We are given the eighth and eleventh terms, so we can set up two equations:

a_8 = a_1 * r^(8-1) = 81920

a_11 = a_1 * r^(11-1) = 5242880

After dividing the second with by the first equation, we get:

(a_1 * r^(11-1)) / (a_1 * r^(8-1)) = 5242880 / 81920

Simplifying, we get:

r³ = 64

Doing the root of cube both sides, we get:

r = 4

Substituting this into the first equation, we get:

a_1 * 4^(8-1) = 81920

a_1 * 4^7 = 81920

a_1 = 5

Therefore, the first term is 5 and the common ratio is 4.

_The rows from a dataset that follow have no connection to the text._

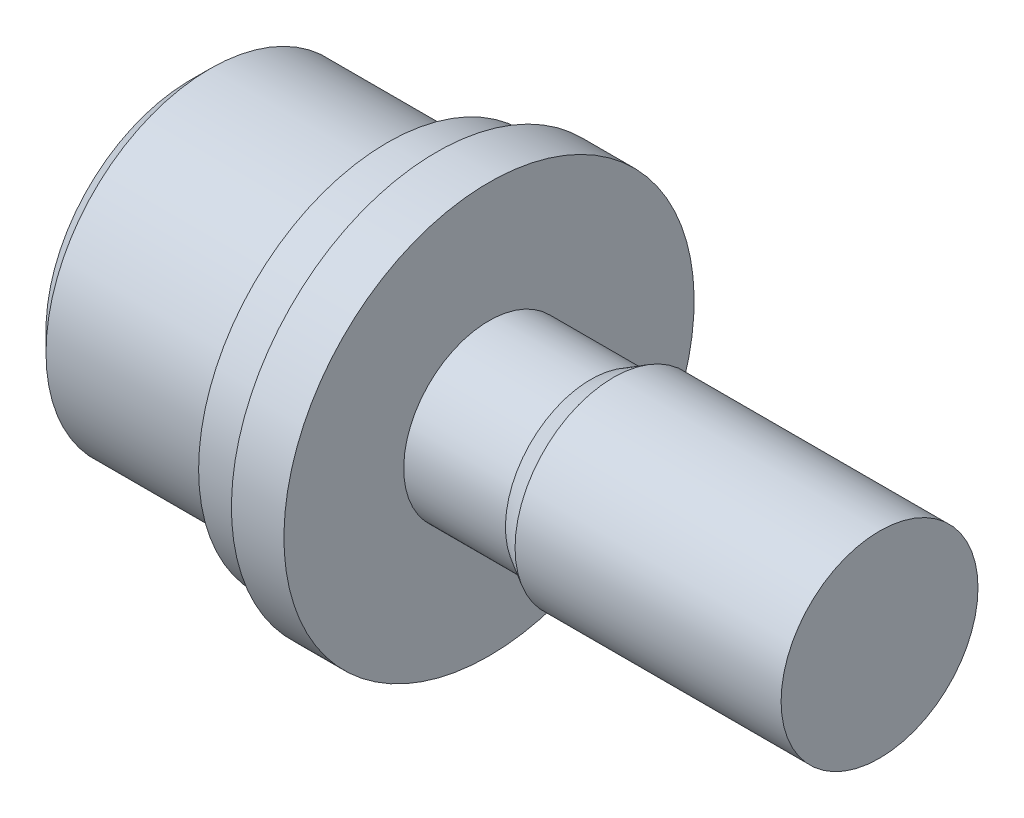
ISO-10303-21;
HEADER;
FILE_DESCRIPTION(('STEP AP214'),'2;1');
FILE_NAME('part.step','',(''),(''),'','','');
FILE_SCHEMA(('AUTOMOTIVE_DESIGN { 1 0 10303 214 1 1 1 1 }'));
ENDSEC;
DATA;
#1=APPLICATION_CONTEXT('core data for automotive mechanical design processes');
#2=APPLICATION_PROTOCOL_DEFINITION('international standard','automotive_design',2000,#1);
#3=PRODUCT_CONTEXT('',#1,'mechanical');
#4=PRODUCT('Part','Part','',(#3));
#5=PRODUCT_RELATED_PRODUCT_CATEGORY('part','',(#4));
#6=PRODUCT_DEFINITION_FORMATION('','',#4);
#7=PRODUCT_DEFINITION_CONTEXT('part definition',#1,'design');
#8=PRODUCT_DEFINITION('design','',#6,#7);
#9=PRODUCT_DEFINITION_SHAPE('','',#8);
#10=(LENGTH_UNIT() NAMED_UNIT(*) SI_UNIT(.MILLI.,.METRE.));
#11=(NAMED_UNIT(*) PLANE_ANGLE_UNIT() SI_UNIT($,.RADIAN.));
#12=(NAMED_UNIT(*) SI_UNIT($,.STERADIAN.) SOLID_ANGLE_UNIT());
#13=UNCERTAINTY_MEASURE_WITH_UNIT(LENGTH_MEASURE(1.E-05),#10,'distance_accuracy_value','');
#14=(GEOMETRIC_REPRESENTATION_CONTEXT(3) GLOBAL_UNCERTAINTY_ASSIGNED_CONTEXT((#13)) GLOBAL_UNIT_ASSIGNED_CONTEXT((#10,
#11,#12)) REPRESENTATION_CONTEXT('',''));
#15=CARTESIAN_POINT('',(0.,0.,0.));
#16=DIRECTION('',(0.,0.,1.));
#17=DIRECTION('',(1.,0.,0.));
#18=AXIS2_PLACEMENT_3D('',#15,#16,#17);
#19=CARTESIAN_POINT('',(-3.9,0.,0.));
#20=DIRECTION('',(-1.,0.,0.));
#21=DIRECTION('',(0.,0.,1.));
#22=AXIS2_PLACEMENT_3D('',#19,#20,#21);
#23=PLANE('',#22);
#24=DIRECTION('',(0.,-0.5,-0.866025403784438));
#25=VECTOR('',#24,1.);
#26=CARTESIAN_POINT('',(-3.9,2.1650635094611,-1.25));
#27=LINE('',#26,#25);
#28=CARTESIAN_POINT('',(-3.89999999999995,2.16506350946107,-1.24999999999999));
#29=VERTEX_POINT('',#28);
#30=CARTESIAN_POINT('',(-3.9,1.44337567297406,-2.5));
#31=VERTEX_POINT('',#30);
#32=EDGE_CURVE('E92',#29,#31,#27,.T.);
#33=ORIENTED_EDGE('',*,*,#32,.T.);
#34=DIRECTION('',(0.,1.,0.));
#35=VECTOR('',#34,1.);
#36=CARTESIAN_POINT('',(-3.9,0.,-2.5));
#37=LINE('',#36,#35);
#38=CARTESIAN_POINT('',(-3.89999999999995,0.,-2.49999999999997));
#39=VERTEX_POINT('',#38);
#40=EDGE_CURVE('E89',#31,#39,#37,.F.);
#41=ORIENTED_EDGE('',*,*,#40,.T.);
#42=CARTESIAN_POINT('',(-3.8999999999999,0.,0.));
#43=DIRECTION('',(-1.,0.,0.));
#44=DIRECTION('',(0.,0.,1.));
#45=AXIS2_PLACEMENT_3D('',#42,#43,#44);
#46=CIRCLE('',#45,2.49999999999995);
#47=EDGE_CURVE('E20',#39,#29,#46,.F.);
#48=ORIENTED_EDGE('',*,*,#47,.T.);
#49=EDGE_LOOP('',(#33,#41,#48));
#50=FACE_BOUND('',#49,.T.);
#51=ADVANCED_FACE('F17',(#50),#23,.T.);
#52=CARTESIAN_POINT('',(-3.9,0.,0.));
#53=DIRECTION('',(-1.,0.,0.));
#54=DIRECTION('',(0.,0.,1.));
#55=AXIS2_PLACEMENT_3D('',#52,#53,#54);
#56=PLANE('',#55);
#57=DIRECTION('',(0.,0.5,-0.866025403784439));
#58=VECTOR('',#57,1.);
#59=CARTESIAN_POINT('',(-3.9,2.1650635094611,1.25));
#60=LINE('',#59,#58);
#61=CARTESIAN_POINT('',(-3.89999999999995,2.16506350946107,1.24999999999999));
#62=VERTEX_POINT('',#61);
#63=CARTESIAN_POINT('',(-3.9,2.88675134594813,0.));
#64=VERTEX_POINT('',#63);
#65=EDGE_CURVE('E97',#62,#64,#60,.T.);
#66=ORIENTED_EDGE('',*,*,#65,.T.);
#67=DIRECTION('',(0.,-0.5,-0.866025403784439));
#68=VECTOR('',#67,1.);
#69=CARTESIAN_POINT('',(-3.9,2.88675134594813,0.));
#70=LINE('',#69,#68);
#71=EDGE_CURVE('E139',#64,#29,#70,.T.);
#72=ORIENTED_EDGE('',*,*,#71,.T.);
#73=CARTESIAN_POINT('',(-3.8999999999999,0.,0.));
#74=DIRECTION('',(-1.,0.,0.));
#75=DIRECTION('',(0.,0.,1.));
#76=AXIS2_PLACEMENT_3D('',#73,#74,#75);
#77=CIRCLE('',#76,2.49999999999995);
#78=EDGE_CURVE('E108',#29,#62,#77,.F.);
#79=ORIENTED_EDGE('',*,*,#78,.T.);
#80=EDGE_LOOP('',(#66,#72,#79));
#81=FACE_BOUND('',#80,.T.);
#82=ADVANCED_FACE('F188',(#81),#56,.T.);
#83=CARTESIAN_POINT('',(-3.9,0.,0.));
#84=DIRECTION('',(-1.,0.,0.));
#85=DIRECTION('',(0.,0.,1.));
#86=AXIS2_PLACEMENT_3D('',#83,#84,#85);
#87=PLANE('',#86);
#88=DIRECTION('',(0.,1.,0.));
#89=VECTOR('',#88,1.);
#90=CARTESIAN_POINT('',(-3.9,0.,2.5));
#91=LINE('',#90,#89);
#92=CARTESIAN_POINT('',(-3.89999999999996,0.,2.50000000000002));
#93=VERTEX_POINT('',#92);
#94=CARTESIAN_POINT('',(-3.9,1.44337567297406,2.5));
#95=VERTEX_POINT('',#94);
#96=EDGE_CURVE('E137',#93,#95,#91,.T.);
#97=ORIENTED_EDGE('',*,*,#96,.T.);
#98=DIRECTION('',(0.,0.5,-0.866025403784438));
#99=VECTOR('',#98,1.);
#100=CARTESIAN_POINT('',(-3.9,1.44337567297406,2.5));
#101=LINE('',#100,#99);
#102=EDGE_CURVE('E135',#95,#62,#101,.T.);
#103=ORIENTED_EDGE('',*,*,#102,.T.);
#104=CARTESIAN_POINT('',(-3.8999999999999,0.,0.));
#105=DIRECTION('',(-1.,0.,0.));
#106=DIRECTION('',(0.,0.,1.));
#107=AXIS2_PLACEMENT_3D('',#104,#105,#106);
#108=CIRCLE('',#107,2.49999999999995);
#109=EDGE_CURVE('E185',#62,#93,#108,.F.);
#110=ORIENTED_EDGE('',*,*,#109,.T.);
#111=EDGE_LOOP('',(#97,#103,#110));
#112=FACE_BOUND('',#111,.T.);
#113=ADVANCED_FACE('F429',(#112),#87,.T.);
#114=CARTESIAN_POINT('',(-3.9,0.,0.));
#115=DIRECTION('',(-1.,0.,0.));
#116=DIRECTION('',(0.,0.,1.));
#117=AXIS2_PLACEMENT_3D('',#114,#115,#116);
#118=PLANE('',#117);
#119=DIRECTION('',(0.,0.500000000000001,0.866025403784438));
#120=VECTOR('',#119,1.);
#121=CARTESIAN_POINT('',(-3.9,-2.1650635094611,1.25));
#122=LINE('',#121,#120);
#123=CARTESIAN_POINT('',(-3.89999999999995,-2.16506350946108,1.24999999999999));
#124=VERTEX_POINT('',#123);
#125=CARTESIAN_POINT('',(-3.9,-1.44337567297406,2.5));
#126=VERTEX_POINT('',#125);
#127=EDGE_CURVE('E133',#124,#126,#122,.T.);
#128=ORIENTED_EDGE('',*,*,#127,.T.);
#129=DIRECTION('',(0.,1.,0.));
#130=VECTOR('',#129,1.);
#131=CARTESIAN_POINT('',(-3.9,0.,2.5));
#132=LINE('',#131,#130);
#133=EDGE_CURVE('E131',#126,#93,#132,.T.);
#134=ORIENTED_EDGE('',*,*,#133,.T.);
#135=CARTESIAN_POINT('',(-3.8999999999999,0.,0.));
#136=DIRECTION('',(-1.,0.,0.));
#137=DIRECTION('',(0.,0.,1.));
#138=AXIS2_PLACEMENT_3D('',#135,#136,#137);
#139=CIRCLE('',#138,2.49999999999995);
#140=EDGE_CURVE('E182',#93,#124,#139,.F.);
#141=ORIENTED_EDGE('',*,*,#140,.T.);
#142=EDGE_LOOP('',(#128,#134,#141));
#143=FACE_BOUND('',#142,.T.);
#144=ADVANCED_FACE('F419',(#143),#118,.T.);
#145=CARTESIAN_POINT('',(-3.9,0.,0.));
#146=DIRECTION('',(-1.,0.,0.));
#147=DIRECTION('',(0.,0.,1.));
#148=AXIS2_PLACEMENT_3D('',#145,#146,#147);
#149=PLANE('',#148);
#150=DIRECTION('',(0.,-0.5,0.866025403784439));
#151=VECTOR('',#150,1.);
#152=CARTESIAN_POINT('',(-3.9,-2.1650635094611,-1.25));
#153=LINE('',#152,#151);
#154=CARTESIAN_POINT('',(-3.89999999999995,-2.16506350946107,-1.24999999999999));
#155=VERTEX_POINT('',#154);
#156=CARTESIAN_POINT('',(-3.9,-2.88675134594813,0.));
#157=VERTEX_POINT('',#156);
#158=EDGE_CURVE('E129',#155,#157,#153,.T.);
#159=ORIENTED_EDGE('',*,*,#158,.T.);
#160=DIRECTION('',(0.,0.499999999999999,0.866025403784439));
#161=VECTOR('',#160,1.);
#162=CARTESIAN_POINT('',(-3.9,-2.88675134594813,0.));
#163=LINE('',#162,#161);
#164=EDGE_CURVE('E109',#157,#124,#163,.T.);
#165=ORIENTED_EDGE('',*,*,#164,.T.);
#166=CARTESIAN_POINT('',(-3.8999999999999,0.,0.));
#167=DIRECTION('',(-1.,0.,0.));
#168=DIRECTION('',(0.,0.,1.));
#169=AXIS2_PLACEMENT_3D('',#166,#167,#168);
#170=CIRCLE('',#169,2.49999999999995);
#171=EDGE_CURVE('E117',#124,#155,#170,.F.);
#172=ORIENTED_EDGE('',*,*,#171,.T.);
#173=EDGE_LOOP('',(#159,#165,#172));
#174=FACE_BOUND('',#173,.T.);
#175=ADVANCED_FACE('F409',(#174),#149,.T.);
#176=CARTESIAN_POINT('',(-3.8999999999999,0.,0.));
#177=DIRECTION('',(-1.,0.,0.));
#178=DIRECTION('',(0.,0.,1.));
#179=AXIS2_PLACEMENT_3D('',#176,#177,#178);
#180=CONICAL_SURFACE('',#179,2.49999999999995,1.0471975511966);
#181=CARTESIAN_POINT('',(-2.45662432702587,0.,0.));
#182=VERTEX_POINT('',#181);
#183=VERTEX_LOOP('',#182);
#184=FACE_BOUND('',#183,.T.);
#185=ORIENTED_EDGE('',*,*,#47,.F.);
#186=CARTESIAN_POINT('',(-3.8999999999999,0.,0.));
#187=DIRECTION('',(-1.,0.,0.));
#188=DIRECTION('',(0.,0.,1.));
#189=AXIS2_PLACEMENT_3D('',#186,#187,#188);
#190=CIRCLE('',#189,2.49999999999995);
#191=EDGE_CURVE('E105',#155,#39,#190,.F.);
#192=ORIENTED_EDGE('',*,*,#191,.F.);
#193=ORIENTED_EDGE('',*,*,#171,.F.);
#194=ORIENTED_EDGE('',*,*,#140,.F.);
#195=ORIENTED_EDGE('',*,*,#109,.F.);
#196=ORIENTED_EDGE('',*,*,#78,.F.);
#197=EDGE_LOOP('',(#185,#192,#193,#194,#195,#196));
#198=FACE_BOUND('',#197,.T.);
#199=ADVANCED_FACE('F103',(#184,#198),#180,.F.);
#200=CARTESIAN_POINT('',(-3.9,0.,0.));
#201=DIRECTION('',(-1.,0.,0.));
#202=DIRECTION('',(0.,0.,1.));
#203=AXIS2_PLACEMENT_3D('',#200,#201,#202);
#204=PLANE('',#203);
#205=DIRECTION('',(0.,1.,0.));
#206=VECTOR('',#205,1.);
#207=CARTESIAN_POINT('',(-3.9,1.44337567297406,-2.5));
#208=LINE('',#207,#206);
#209=CARTESIAN_POINT('',(-3.9,-1.44337567297406,-2.5));
#210=VERTEX_POINT('',#209);
#211=EDGE_CURVE('E114',#39,#210,#208,.F.);
#212=ORIENTED_EDGE('',*,*,#211,.T.);
#213=DIRECTION('',(0.,-0.5,0.866025403784439));
#214=VECTOR('',#213,1.);
#215=CARTESIAN_POINT('',(-3.9,-1.44337567297406,-2.5));
#216=LINE('',#215,#214);
#217=EDGE_CURVE('E116',#210,#155,#216,.T.);
#218=ORIENTED_EDGE('',*,*,#217,.T.);
#219=ORIENTED_EDGE('',*,*,#191,.T.);
#220=EDGE_LOOP('',(#212,#218,#219));
#221=FACE_BOUND('',#220,.T.);
#222=ADVANCED_FACE('F113',(#221),#204,.T.);
#223=CARTESIAN_POINT('',(-3.9,1.44337567297406,-2.5));
#224=DIRECTION('',(0.,0.,-1.));
#225=DIRECTION('',(-1.,0.,0.));
#226=AXIS2_PLACEMENT_3D('',#223,#224,#225);
#227=PLANE('',#226);
#228=DIRECTION('',(1.,0.,0.));
#229=VECTOR('',#228,1.);
#230=CARTESIAN_POINT('',(-3.9,-1.44337567297406,-2.5));
#231=LINE('',#230,#229);
#232=CARTESIAN_POINT('',(-9.1,-1.44337567297406,-2.5));
#233=VERTEX_POINT('',#232);
#234=EDGE_CURVE('E121',#233,#210,#231,.T.);
#235=ORIENTED_EDGE('',*,*,#234,.T.);
#236=ORIENTED_EDGE('',*,*,#211,.F.);
#237=ORIENTED_EDGE('',*,*,#40,.F.);
#238=DIRECTION('',(1.,0.,0.));
#239=VECTOR('',#238,1.);
#240=CARTESIAN_POINT('',(-3.9,1.44337567297406,-2.5));
#241=LINE('',#240,#239);
#242=CARTESIAN_POINT('',(-9.1,1.44337567297406,-2.5));
#243=VERTEX_POINT('',#242);
#244=EDGE_CURVE('E153',#31,#243,#241,.F.);
#245=ORIENTED_EDGE('',*,*,#244,.T.);
#246=DIRECTION('',(0.,1.,0.));
#247=VECTOR('',#246,1.);
#248=CARTESIAN_POINT('',(-9.1,5.,-2.5));
#249=LINE('',#248,#247);
#250=EDGE_CURVE('E154',#243,#233,#249,.F.);
#251=ORIENTED_EDGE('',*,*,#250,.T.);
#252=EDGE_LOOP('',(#235,#236,#237,#245,#251));
#253=FACE_BOUND('',#252,.T.);
#254=ADVANCED_FACE('F119',(#253),#227,.F.);
#255=CARTESIAN_POINT('',(-3.9,-1.44337567297406,-2.5));
#256=DIRECTION('',(0.,-0.866025403784439,-0.5));
#257=DIRECTION('',(0.,0.5,-0.866025403784439));
#258=AXIS2_PLACEMENT_3D('',#255,#256,#257);
#259=PLANE('',#258);
#260=DIRECTION('',(1.,0.,0.));
#261=VECTOR('',#260,1.);
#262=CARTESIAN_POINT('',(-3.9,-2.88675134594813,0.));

In a geometric sequence, each term is obtained by multiplying the previous term by a constant factor called the common ratio (r). The formula for the nth term of a geometric sequence is:

an = a * r^(n-1)

Given that the 8th term (a8) is 81,920 and the 11th term (a11) is 5,242,880, we can set up the following equations:

81920 = a * r^(8-1) => 81920 = a * r⁷ (1)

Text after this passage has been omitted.